BEGIN Listed records
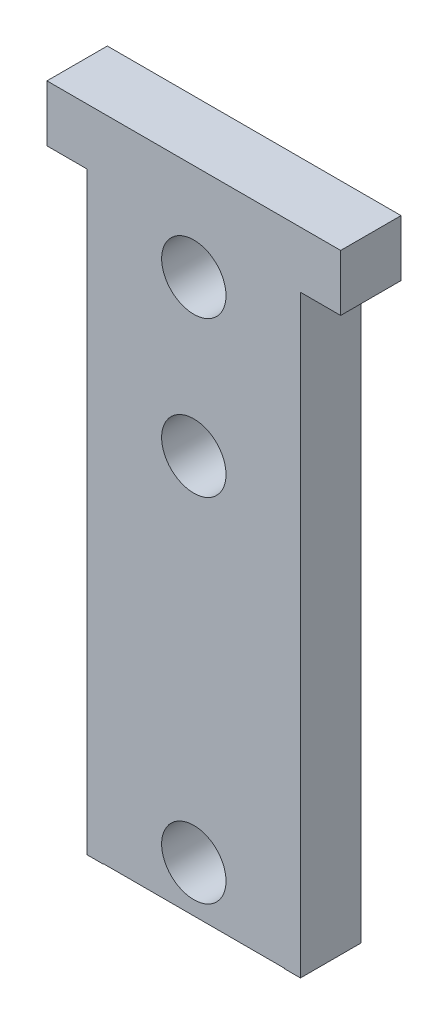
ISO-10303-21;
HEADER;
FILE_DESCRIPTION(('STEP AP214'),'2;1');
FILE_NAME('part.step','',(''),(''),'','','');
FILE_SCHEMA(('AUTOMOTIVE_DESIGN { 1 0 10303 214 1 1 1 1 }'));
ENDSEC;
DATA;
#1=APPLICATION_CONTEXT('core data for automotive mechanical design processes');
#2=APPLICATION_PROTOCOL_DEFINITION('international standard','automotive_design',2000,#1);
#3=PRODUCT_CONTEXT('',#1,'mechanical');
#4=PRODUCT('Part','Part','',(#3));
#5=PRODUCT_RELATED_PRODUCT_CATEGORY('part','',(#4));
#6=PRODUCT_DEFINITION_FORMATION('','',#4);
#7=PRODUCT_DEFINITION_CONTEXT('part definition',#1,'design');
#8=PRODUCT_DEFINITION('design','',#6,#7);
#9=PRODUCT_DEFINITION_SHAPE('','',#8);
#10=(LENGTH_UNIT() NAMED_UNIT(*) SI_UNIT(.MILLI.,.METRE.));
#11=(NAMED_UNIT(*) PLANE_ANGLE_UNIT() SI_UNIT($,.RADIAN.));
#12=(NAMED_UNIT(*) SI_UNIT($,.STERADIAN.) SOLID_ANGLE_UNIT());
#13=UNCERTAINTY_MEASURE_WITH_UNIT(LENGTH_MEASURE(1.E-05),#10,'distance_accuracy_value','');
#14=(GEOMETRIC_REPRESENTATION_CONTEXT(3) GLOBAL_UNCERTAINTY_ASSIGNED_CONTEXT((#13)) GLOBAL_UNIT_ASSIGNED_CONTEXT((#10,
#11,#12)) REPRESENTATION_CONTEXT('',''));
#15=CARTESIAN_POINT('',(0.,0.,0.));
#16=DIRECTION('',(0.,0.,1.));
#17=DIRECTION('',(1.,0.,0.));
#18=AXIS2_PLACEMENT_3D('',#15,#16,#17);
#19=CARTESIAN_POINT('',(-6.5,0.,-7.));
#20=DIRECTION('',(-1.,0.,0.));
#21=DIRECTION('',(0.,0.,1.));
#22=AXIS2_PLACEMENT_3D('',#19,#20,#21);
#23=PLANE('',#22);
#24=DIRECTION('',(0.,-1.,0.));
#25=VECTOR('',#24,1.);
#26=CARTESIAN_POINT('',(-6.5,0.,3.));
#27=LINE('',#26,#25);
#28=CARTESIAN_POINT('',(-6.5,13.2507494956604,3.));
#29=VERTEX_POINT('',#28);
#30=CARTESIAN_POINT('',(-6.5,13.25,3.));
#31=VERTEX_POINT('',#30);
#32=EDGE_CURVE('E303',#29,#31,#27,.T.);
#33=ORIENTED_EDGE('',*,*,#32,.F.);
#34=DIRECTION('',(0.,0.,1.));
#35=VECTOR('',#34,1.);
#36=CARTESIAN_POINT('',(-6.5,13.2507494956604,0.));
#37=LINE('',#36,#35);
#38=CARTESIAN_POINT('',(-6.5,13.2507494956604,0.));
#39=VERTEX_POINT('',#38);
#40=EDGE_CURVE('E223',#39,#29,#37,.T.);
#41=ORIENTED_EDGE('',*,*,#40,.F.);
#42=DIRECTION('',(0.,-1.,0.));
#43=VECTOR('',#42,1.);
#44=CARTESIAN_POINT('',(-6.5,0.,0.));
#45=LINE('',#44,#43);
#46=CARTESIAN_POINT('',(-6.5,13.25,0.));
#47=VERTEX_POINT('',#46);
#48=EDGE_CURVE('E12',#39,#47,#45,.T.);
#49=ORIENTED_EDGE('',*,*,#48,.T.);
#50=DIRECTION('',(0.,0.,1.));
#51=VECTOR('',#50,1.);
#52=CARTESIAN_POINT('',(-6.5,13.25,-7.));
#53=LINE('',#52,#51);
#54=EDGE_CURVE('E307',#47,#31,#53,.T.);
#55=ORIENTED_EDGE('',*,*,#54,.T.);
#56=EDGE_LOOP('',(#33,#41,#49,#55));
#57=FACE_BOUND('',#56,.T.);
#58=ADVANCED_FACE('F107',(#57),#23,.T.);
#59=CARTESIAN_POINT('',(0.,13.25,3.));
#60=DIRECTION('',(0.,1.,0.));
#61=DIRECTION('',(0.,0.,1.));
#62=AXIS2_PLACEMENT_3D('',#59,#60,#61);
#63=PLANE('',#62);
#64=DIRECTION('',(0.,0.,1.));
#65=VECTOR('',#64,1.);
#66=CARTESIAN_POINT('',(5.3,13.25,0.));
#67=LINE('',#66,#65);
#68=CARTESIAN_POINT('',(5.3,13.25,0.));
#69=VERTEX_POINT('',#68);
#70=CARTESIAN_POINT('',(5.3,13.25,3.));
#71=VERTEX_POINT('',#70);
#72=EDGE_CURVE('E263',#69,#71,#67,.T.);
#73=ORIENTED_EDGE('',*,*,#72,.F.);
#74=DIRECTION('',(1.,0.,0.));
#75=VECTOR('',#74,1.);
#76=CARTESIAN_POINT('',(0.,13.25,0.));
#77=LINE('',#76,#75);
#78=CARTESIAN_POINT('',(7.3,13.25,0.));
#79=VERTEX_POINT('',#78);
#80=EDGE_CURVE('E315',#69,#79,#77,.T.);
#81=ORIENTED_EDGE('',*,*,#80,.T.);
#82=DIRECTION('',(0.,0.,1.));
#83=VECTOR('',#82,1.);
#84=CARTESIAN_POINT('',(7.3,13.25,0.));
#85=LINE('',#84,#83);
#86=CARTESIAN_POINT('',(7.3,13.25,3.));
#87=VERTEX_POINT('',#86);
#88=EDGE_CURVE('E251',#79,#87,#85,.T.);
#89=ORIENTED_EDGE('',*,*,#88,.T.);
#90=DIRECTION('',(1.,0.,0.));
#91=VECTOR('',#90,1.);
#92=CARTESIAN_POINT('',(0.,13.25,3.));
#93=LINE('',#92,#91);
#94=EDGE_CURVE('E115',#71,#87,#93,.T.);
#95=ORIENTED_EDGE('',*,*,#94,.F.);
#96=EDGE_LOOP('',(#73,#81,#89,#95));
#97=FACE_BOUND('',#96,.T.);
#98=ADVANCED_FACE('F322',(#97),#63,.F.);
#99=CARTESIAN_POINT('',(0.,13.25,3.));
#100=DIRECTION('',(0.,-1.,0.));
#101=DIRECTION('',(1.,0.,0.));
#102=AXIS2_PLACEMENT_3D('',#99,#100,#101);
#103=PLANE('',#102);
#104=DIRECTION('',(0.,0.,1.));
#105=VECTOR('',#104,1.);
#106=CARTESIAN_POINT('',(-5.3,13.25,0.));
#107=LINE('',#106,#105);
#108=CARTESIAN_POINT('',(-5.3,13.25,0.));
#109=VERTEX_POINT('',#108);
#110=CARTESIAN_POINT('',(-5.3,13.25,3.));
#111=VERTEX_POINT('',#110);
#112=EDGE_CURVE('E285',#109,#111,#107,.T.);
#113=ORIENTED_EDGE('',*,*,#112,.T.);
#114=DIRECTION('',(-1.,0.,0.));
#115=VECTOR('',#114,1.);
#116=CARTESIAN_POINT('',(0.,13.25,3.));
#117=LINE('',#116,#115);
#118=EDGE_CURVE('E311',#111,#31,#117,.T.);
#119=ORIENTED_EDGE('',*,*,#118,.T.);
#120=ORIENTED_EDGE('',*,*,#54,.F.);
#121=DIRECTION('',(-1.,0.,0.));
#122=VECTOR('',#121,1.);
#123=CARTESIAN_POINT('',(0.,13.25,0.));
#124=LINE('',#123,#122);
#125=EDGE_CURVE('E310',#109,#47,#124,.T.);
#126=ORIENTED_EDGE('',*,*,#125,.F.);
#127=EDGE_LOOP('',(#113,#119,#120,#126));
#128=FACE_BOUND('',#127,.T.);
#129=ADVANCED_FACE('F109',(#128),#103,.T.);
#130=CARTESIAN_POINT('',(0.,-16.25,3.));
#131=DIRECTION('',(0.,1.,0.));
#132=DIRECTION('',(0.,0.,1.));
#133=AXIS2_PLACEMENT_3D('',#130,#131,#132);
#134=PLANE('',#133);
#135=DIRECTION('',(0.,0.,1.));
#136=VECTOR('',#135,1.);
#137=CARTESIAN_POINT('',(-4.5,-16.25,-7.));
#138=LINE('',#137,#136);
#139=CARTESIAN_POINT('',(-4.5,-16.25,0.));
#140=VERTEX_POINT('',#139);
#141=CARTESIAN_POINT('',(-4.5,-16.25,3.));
END Listed records
Exercise description
Repeat verbatim the lines between the start of the data and the line containing "#15=CARTESIAN_POINT('',(0.,0.,0.));", both ends included, omitting all pictures.

Answer section
ISO-10303-21;
HEADER;
FILE_DESCRIPTION(('STEP AP214'),'2;1');
FILE_NAME('part.step','',(''),(''),'','','');
FILE_SCHEMA(('AUTOMOTIVE_DESIGN { 1 0 10303 214 1 1 1 1 }'));
ENDSEC;
DATA;
#1=APPLICATION_CONTEXT('core data for automotive mechanical design processes');
#2=APPLICATION_PROTOCOL_DEFINITION('international standard','automotive_design',2000,#1);
#3=PRODUCT_CONTEXT('',#1,'mechanical');
#4=PRODUCT('Part','Part','',(#3));
#5=PRODUCT_RELATED_PRODUCT_CATEGORY('part','',(#4));
#6=PRODUCT_DEFINITION_FORMATION('','',#4);
#7=PRODUCT_DEFINITION_CONTEXT('part definition',#1,'design');
#8=PRODUCT_DEFINITION('design','',#6,#7);
#9=PRODUCT_DEFINITION_SHAPE('','',#8);
#10=(LENGTH_UNIT() NAMED_UNIT(*) SI_UNIT(.MILLI.,.METRE.));
#11=(NAMED_UNIT(*) PLANE_ANGLE_UNIT() SI_UNIT($,.RADIAN.));
#12=(NAMED_UNIT(*) SI_UNIT($,.STERADIAN.) SOLID_ANGLE_UNIT());
#13=UNCERTAINTY_MEASURE_WITH_UNIT(LENGTH_MEASURE(1.E-05),#10,'distance_accuracy_value','');
#14=(GEOMETRIC_REPRESENTATION_CONTEXT(3) GLOBAL_UNCERTAINTY_ASSIGNED_CONTEXT((#13)) GLOBAL_UNIT_ASSIGNED_CONTEXT((#10,
#11,#12)) REPRESENTATION_CONTEXT('',''));
#15=CARTESIAN_POINT('',(0.,0.,0.));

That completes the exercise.